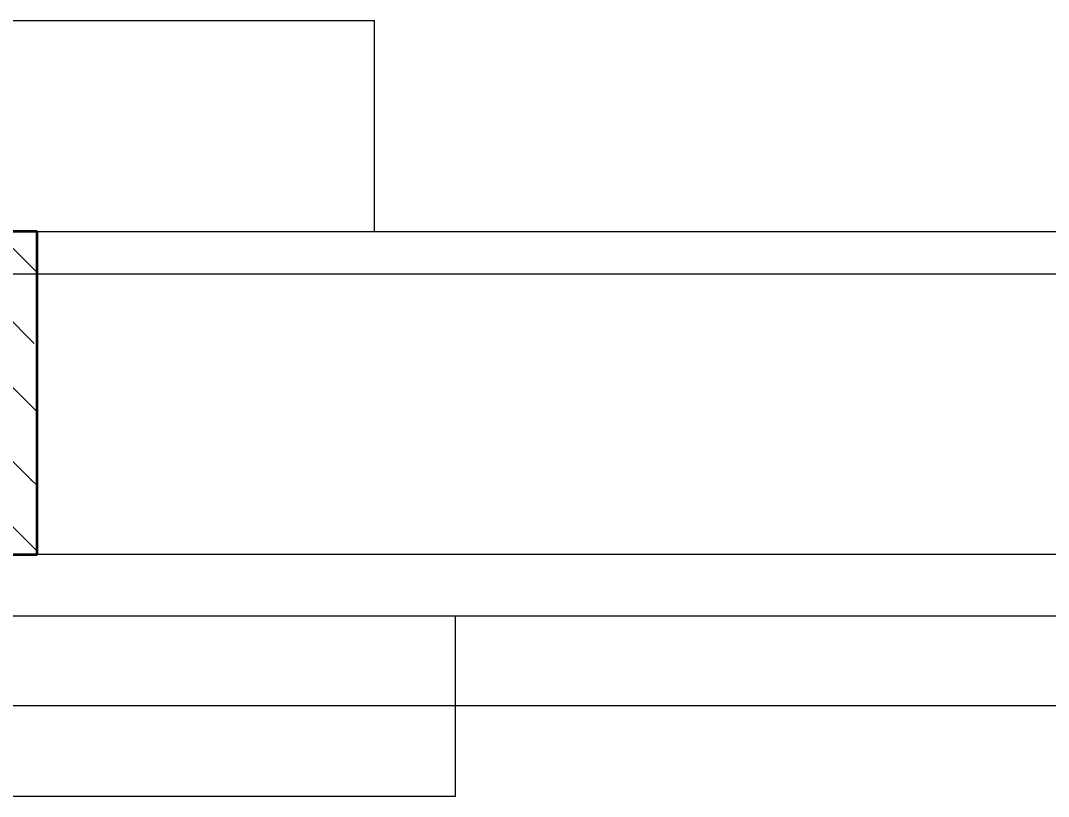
# Model space of a CAD drawing. Header units: millimetres. Extents: x 180139 to 245212, y -4005 to 9345.
# Drawn here: x 227323 to 228913, y -2650 to -1450 of the extents above; entities that cross this region are included whole.
import ezdxf

# ---------------------------------------------------------------- set-up
doc = ezdxf.new("R2010")
doc.units = ezdxf.units.MM
for name, color, linetype, lineweight in [('A-ANNO-DIMS', 7, 'Continuous', 9), ('A-ANNO-DIMS-100', 7, 'Continuous', 9), ('A-FLOR', 7, 'Continuous', 9), ('A-FLOR-1', 7, 'Continuous', 35), ('A-FLOR-PATT-1', 7, 'Continuous', 9), ('S-FNDN', 7, 'Continuous', 9)]:
    doc.layers.add(name, color=color, linetype=linetype, lineweight=lineweight)
doc.styles.add('Arial', font='arial.ttf', dxfattribs={"width": 0.7, "height": 200})
doc.dimstyles.new('Vnitřní_-_průhledné', dxfattribs={"dimscale": 304.8, "dimtxt": 204.05188, "dimasz": 0.426509, "dimexe": 0.328084, "dimexo": 0.0625, "dimgap": 0.065617, "dimtad": 1, "dimdec": 0, "dimrnd": 5, "dimzin": 0, "dimdsep": 46, "dimtxsty": 'Arial', "dimblk1": 'OBLIQUE', "dimblk2": 'OBLIQUE', "dimsah": 1, "dimcen": 0.09, "dimdle": 0.328084, "dimazin": 0, "dimtfac": 1, "dimtdec": 4, "dimtix": 1, "dimtmove": 2, "dimatfit": 3, "dimfxl": 0.328084, "dimfxlon": 1, "dimtvp": 1, "dimtolj": 1, "dimtzin": 0, "dimarcsym": 2})
doc.dimstyles.new('Vnitřní_-_průhledné_1', dxfattribs={"dimscale": 304.8, "dimtxt": 204.05188, "dimasz": 0.426509, "dimexe": 0.328084, "dimexo": 0.0625, "dimgap": 0.065617, "dimtad": 1, "dimdec": 0, "dimrnd": 5, "dimzin": 0, "dimdsep": 46, "dimtxsty": 'Arial', "dimblk1": 'OBLIQUE', "dimblk2": 'OBLIQUE', "dimsah": 1, "dimcen": 0.09, "dimdle": 0.328084, "dimazin": 0, "dimtfac": 1, "dimtdec": 4, "dimtix": 1, "dimtmove": 0, "dimatfit": 3, "dimfxl": 0.328084, "dimfxlon": 1, "dimtvp": 1, "dimtolj": 1, "dimtzin": 0, "dimarcsym": 2})

# ---------------------------------------------------------------- blocks, each defined once
blk = doc.blocks.new('DIMBLOCK13-B')
at = {"layer": 'A-ANNO-DIMS-100'}
for p, q in [((227245.9, -2509.8), (227245.9, -2409.8)), ((233343.4, -2509.8), (233343.4, -2409.8)), ((233343.4, -2509.8), (227245.9, -2509.8)), ((227245.9, -2509.8), (227245.9, -2609.8)), ((233343.4, -2509.8), (233343.4, -2609.8))]:
    blk.add_line(p, q, dxfattribs=at)
at = {"layer": 'A-ANNO-DIMS-100', "lineweight": 18}
for p, q in [((227245.9, -2509.8), (227310.9, -2444.8)), ((233343.4, -2509.8), (233408.4, -2444.8)), ((227245.9, -2509.8), (227180.9, -2574.8)), ((233343.4, -2509.8), (233278.4, -2574.8))]:
    blk.add_line(p, q, dxfattribs=at)
at = {"layer": 'A-ANNO-DIMS-100', "color": 0, "insert": (230081.2, -2230.2), "char_height": 200, "width": 512.327, "attachment_point": 1, "line_spacing_factor": 0.941778, "style": 'Arial'}
blk.add_mtext('6100', dxfattribs=at)
blk = doc.blocks.new('_Oblique')
at = {"color": 0, "linetype": 'ByBlock', "lineweight": -2}
blk.add_line((-0.5, -0.5), (0.5, 0.5), dxfattribs=at)
blk = doc.blocks.new('DIMBLOCK17-B')
at = {"layer": 'A-ANNO-DIMS-100'}
for p, q in [((212050.9, -1842), (212050.9, -1742)), ((239440.9, -1842), (239440.9, -1742)), ((239540.9, -1842), (211950.9, -1842)), ((212050.9, -1842), (212050.9, -1942)), ((239440.9, -1842), (239440.9, -1942))]:
    blk.add_line(p, q, dxfattribs=at)
at = {"layer": 'A-ANNO-DIMS-100', "lineweight": 18}
for p, q in [((212050.9, -1842), (212115.9, -1777)), ((239440.9, -1842), (239505.9, -1777)), ((212050.9, -1842), (211985.9, -1907)), ((239440.9, -1842), (239375.9, -1907))]:
    blk.add_line(p, q, dxfattribs=at)
at = {"layer": 'A-ANNO-DIMS-100', "color": 0, "insert": (223904, -1562.3), "char_height": 200, "width": 640.409, "attachment_point": 1, "line_spacing_factor": 0.941778, "style": 'Arial'}
blk.add_mtext('27390', dxfattribs=at)

msp = doc.modelspace()

# ---------------------------------------------------------------- hatches: boundary and pattern name
at = {"layer": 'A-FLOR-PATT-1'}
h = msp.add_hatch(dxfattribs=at)
h.set_pattern_fill('FP_9', color=256, style=0, pattern_type=2)
h.set_pattern_definition([(315, (228525.39, 3664.97), (107.763, 107.763), []), (315, (228525.39, 3766.57), (107.763, 107.763), [63.5, -38.1, 6.35, -38.1, -63.5]), (315, (228525.39, 3766.57), (107.763, 107.763), [-146.05, 63.5, 0])])
h.paths.add_polyline_path([(226812.4, -2276), (227349.1, -2276), (227349.1, -1776), (226679.5, -1776), (226679.5, -2276)])

# ---------------------------------------------------------------- linework, layer by layer
at = {"layer": 'A-FLOR'}
for p, q in [((227349.1, -1776), (237949.3, -1776)), ((238690.9, -2276), (227349.1, -2276)), ((238690.9, -2371), (224311.2, -2371))]:
    msp.add_line(p, q, dxfattribs=at)
at = {"layer": 'A-FLOR-1'}
for p, q in [((227349.1, -1776), (226679.5, -1776)), ((227349.1, -2276), (227349.1, -1776)), ((226679.5, -2276), (227349.1, -2276))]:
    msp.add_line(p, q, dxfattribs=at)
at = {"layer": 'S-FNDN'}
for p, q in [((226620.9, -1450), (227870.9, -1450)), ((227870.9, -1776), (227870.9, -1450)), ((227995.9, -2650), (227995.9, -2371)), ((227995.9, -2650), (226495.9, -2650))]:
    msp.add_line(p, q, dxfattribs=at)

# ---------------------------------------------------------------- dimensions: what is measured, and where the dimension line sits
at = {"layer": 'A-ANNO-DIMS'}
dim = msp.add_linear_dim(base=(212050.9, -1842), p1=(239440.9, -1942), p2=(212050.9, -1942), dimstyle='Vnitřní_-_průhledné', override={"dimpost": '<>', "dimfxl": 27390}, dxfattribs=at)
dim.commit()
dim.dimension.update_dxf_attribs({"geometry": 'DIMBLOCK17-B', "text_midpoint": (224224.2, -1695.7), "dimtype": 160})
dim = msp.add_linear_dim(base=(227245.9466093, -2509.8324695), p1=(233343.4466093, -2609.8324695), p2=(227245.9466093, -2609.8324695), dimstyle='Vnitřní_-_průhledné_1', override={"dimpost": '<>', "dimfxl": 6097.5}, dxfattribs=at)
dim.commit()
dim.dimension.update_dxf_attribs({"geometry": 'DIMBLOCK13-B', "text_midpoint": (230294.6966093, -2387.7178713)})

doc.saveas('drawing.dxf')
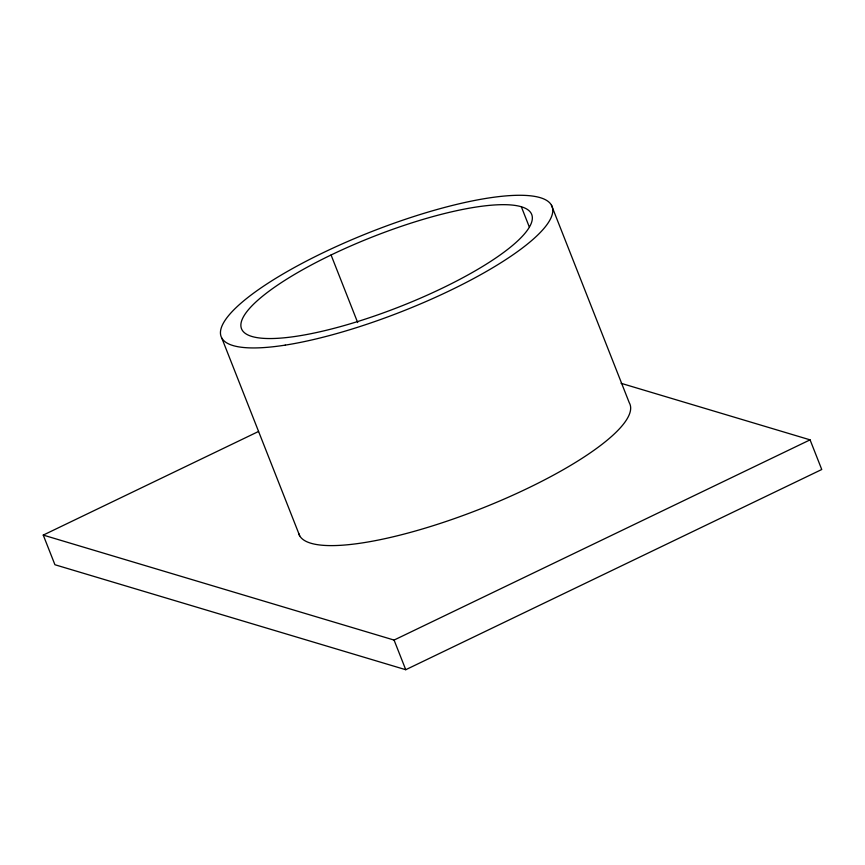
<?xml version="1.0" encoding="UTF-8"?>
<svg xmlns="http://www.w3.org/2000/svg" width="865" height="865" viewBox="0 0 865 865"><rect width="100%" height="100%" fill="white"/><g stroke="black" fill="none" stroke-linecap="round" stroke-linejoin="round"><path stroke-width="1.3" d="M621.07 383.303L810.073 439.853L821.75 469.5L405.75 669.715L54.928 564.737L43.25 535.089L258.548 431.473M43.25 535.089L394.072 640.068L810.073 439.853M551.416 205.092L629.277 402.755A177.812 42.72 -21.5 0 1 481.124 508.631A177.812 42.72 -21.5 0 1 298.717 533.51M521.346 206.767L529.229 226.792M331.068 254.991A155.927 37.455 -21.5 0 0 297.711 336.074A155.927 37.455 -21.5 0 0 531.067 223.765A155.927 37.455 -21.5 0 0 331.068 254.991L357.678 322.548M394.072 640.068L405.75 669.715M221.818 338.129L299.679 535.792M285.234 345.124A177.812 42.72 -21.5 0 0 551.34 217.05A177.812 42.72 -21.5 0 0 323.272 252.656A177.812 42.72 -21.5 0 0 285.234 345.124"/></g></svg>

## [What you need to do]
Could you reproduce exactly, and only, the lines from the one containing "doc.saveas('drawing.dxf')" through the end of the records above, both included, while leaving out the pictures?

## [Result]
doc.saveas('drawing.dxf')
<?xml version="1.0" encoding="UTF-8"?>
<svg xmlns="http://www.w3.org/2000/svg" width="865" height="865" viewBox="0 0 865 865"><rect width="100%" height="100%" fill="white"/><g stroke="black" fill="none" stroke-linecap="round" stroke-linejoin="round"><path stroke-width="1.3" d="M621.07 383.303L810.073 439.853L821.75 469.5L405.75 669.715L54.928 564.737L43.25 535.089L258.548 431.473M43.25 535.089L394.072 640.068L810.073 439.853M551.416 205.092L629.277 402.755A177.812 42.72 -21.5 0 1 481.124 508.631A177.812 42.72 -21.5 0 1 298.717 533.51M521.346 206.767L529.229 226.792M331.068 254.991A155.927 37.455 -21.5 0 0 297.711 336.074A155.927 37.455 -21.5 0 0 531.067 223.765A155.927 37.455 -21.5 0 0 331.068 254.991L357.678 322.548M394.072 640.068L405.75 669.715M221.818 338.129L299.679 535.792M285.234 345.124A177.812 42.72 -21.5 0 0 551.34 217.05A177.812 42.72 -21.5 0 0 323.272 252.656A177.812 42.72 -21.5 0 0 285.234 345.124"/></g></svg>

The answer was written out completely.